TASK ITEM — What number of lines in the entries hold the string "along"? Answer with it alone.

(Records drawn from a dataset)
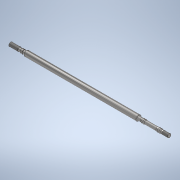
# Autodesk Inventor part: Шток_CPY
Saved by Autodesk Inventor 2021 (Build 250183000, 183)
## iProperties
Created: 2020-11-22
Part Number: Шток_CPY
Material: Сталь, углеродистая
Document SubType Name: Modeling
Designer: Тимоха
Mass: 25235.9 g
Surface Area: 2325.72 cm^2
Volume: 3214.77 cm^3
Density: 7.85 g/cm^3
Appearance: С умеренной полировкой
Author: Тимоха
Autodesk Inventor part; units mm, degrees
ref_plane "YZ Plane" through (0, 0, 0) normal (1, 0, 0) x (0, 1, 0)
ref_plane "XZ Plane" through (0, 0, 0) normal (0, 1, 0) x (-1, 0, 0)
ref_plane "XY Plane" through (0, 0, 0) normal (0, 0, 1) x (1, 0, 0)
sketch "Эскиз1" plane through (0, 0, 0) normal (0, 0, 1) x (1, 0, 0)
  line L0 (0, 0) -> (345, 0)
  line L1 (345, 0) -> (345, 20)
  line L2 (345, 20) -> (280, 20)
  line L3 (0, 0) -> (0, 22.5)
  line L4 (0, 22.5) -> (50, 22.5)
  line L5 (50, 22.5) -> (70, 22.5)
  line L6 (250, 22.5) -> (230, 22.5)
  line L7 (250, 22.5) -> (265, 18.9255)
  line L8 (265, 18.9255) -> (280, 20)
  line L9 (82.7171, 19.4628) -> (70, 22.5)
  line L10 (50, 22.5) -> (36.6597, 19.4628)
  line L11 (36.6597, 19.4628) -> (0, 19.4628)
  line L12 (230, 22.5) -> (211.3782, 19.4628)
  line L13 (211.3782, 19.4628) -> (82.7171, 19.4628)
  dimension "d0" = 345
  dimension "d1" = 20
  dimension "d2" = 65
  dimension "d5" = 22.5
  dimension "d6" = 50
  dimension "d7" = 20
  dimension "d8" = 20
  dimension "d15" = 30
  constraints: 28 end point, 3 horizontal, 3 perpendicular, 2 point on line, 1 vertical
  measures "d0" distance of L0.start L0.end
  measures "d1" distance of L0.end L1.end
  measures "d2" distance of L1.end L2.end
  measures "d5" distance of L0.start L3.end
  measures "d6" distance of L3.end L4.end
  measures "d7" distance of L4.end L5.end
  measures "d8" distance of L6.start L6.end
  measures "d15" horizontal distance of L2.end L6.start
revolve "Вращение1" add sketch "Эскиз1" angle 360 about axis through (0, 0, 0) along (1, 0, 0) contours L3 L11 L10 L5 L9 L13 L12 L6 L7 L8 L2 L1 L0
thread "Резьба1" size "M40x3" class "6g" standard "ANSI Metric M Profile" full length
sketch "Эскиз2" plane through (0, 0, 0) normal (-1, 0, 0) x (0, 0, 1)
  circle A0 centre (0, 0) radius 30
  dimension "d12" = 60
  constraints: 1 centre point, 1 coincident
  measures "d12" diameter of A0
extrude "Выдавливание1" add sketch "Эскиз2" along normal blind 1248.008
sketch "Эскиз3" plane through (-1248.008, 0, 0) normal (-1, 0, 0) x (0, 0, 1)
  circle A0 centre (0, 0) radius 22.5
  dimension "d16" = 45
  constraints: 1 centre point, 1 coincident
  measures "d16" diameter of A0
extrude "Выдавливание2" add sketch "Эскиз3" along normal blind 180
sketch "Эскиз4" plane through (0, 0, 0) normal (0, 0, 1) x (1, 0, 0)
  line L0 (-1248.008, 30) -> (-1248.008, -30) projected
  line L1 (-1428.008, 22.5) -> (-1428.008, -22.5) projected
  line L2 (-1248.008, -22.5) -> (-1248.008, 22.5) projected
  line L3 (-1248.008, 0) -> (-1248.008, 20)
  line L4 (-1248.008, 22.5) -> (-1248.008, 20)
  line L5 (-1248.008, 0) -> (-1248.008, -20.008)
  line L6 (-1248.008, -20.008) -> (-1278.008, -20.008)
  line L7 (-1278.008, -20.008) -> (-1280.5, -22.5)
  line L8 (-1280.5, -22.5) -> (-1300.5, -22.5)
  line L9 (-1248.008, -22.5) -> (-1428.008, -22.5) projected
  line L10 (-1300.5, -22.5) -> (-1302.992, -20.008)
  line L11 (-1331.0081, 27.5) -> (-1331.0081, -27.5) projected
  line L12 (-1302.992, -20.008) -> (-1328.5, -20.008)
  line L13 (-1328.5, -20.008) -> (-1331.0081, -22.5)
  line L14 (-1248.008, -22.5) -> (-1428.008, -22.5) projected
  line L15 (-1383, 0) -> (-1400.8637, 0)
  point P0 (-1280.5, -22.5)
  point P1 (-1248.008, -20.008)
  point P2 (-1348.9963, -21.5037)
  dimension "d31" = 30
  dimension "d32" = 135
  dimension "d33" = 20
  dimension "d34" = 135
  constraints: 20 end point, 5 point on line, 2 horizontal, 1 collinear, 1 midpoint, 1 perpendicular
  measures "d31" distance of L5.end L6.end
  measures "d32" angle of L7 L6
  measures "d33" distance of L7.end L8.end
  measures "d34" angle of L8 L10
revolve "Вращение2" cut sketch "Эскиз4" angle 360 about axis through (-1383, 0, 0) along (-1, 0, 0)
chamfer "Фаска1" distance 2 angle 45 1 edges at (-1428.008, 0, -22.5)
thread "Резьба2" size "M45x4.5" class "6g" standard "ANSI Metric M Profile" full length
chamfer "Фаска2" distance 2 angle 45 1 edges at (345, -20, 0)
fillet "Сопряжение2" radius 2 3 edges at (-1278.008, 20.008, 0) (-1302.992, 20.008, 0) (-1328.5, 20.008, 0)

SOLUTION FOR THIS EXERCISE — 4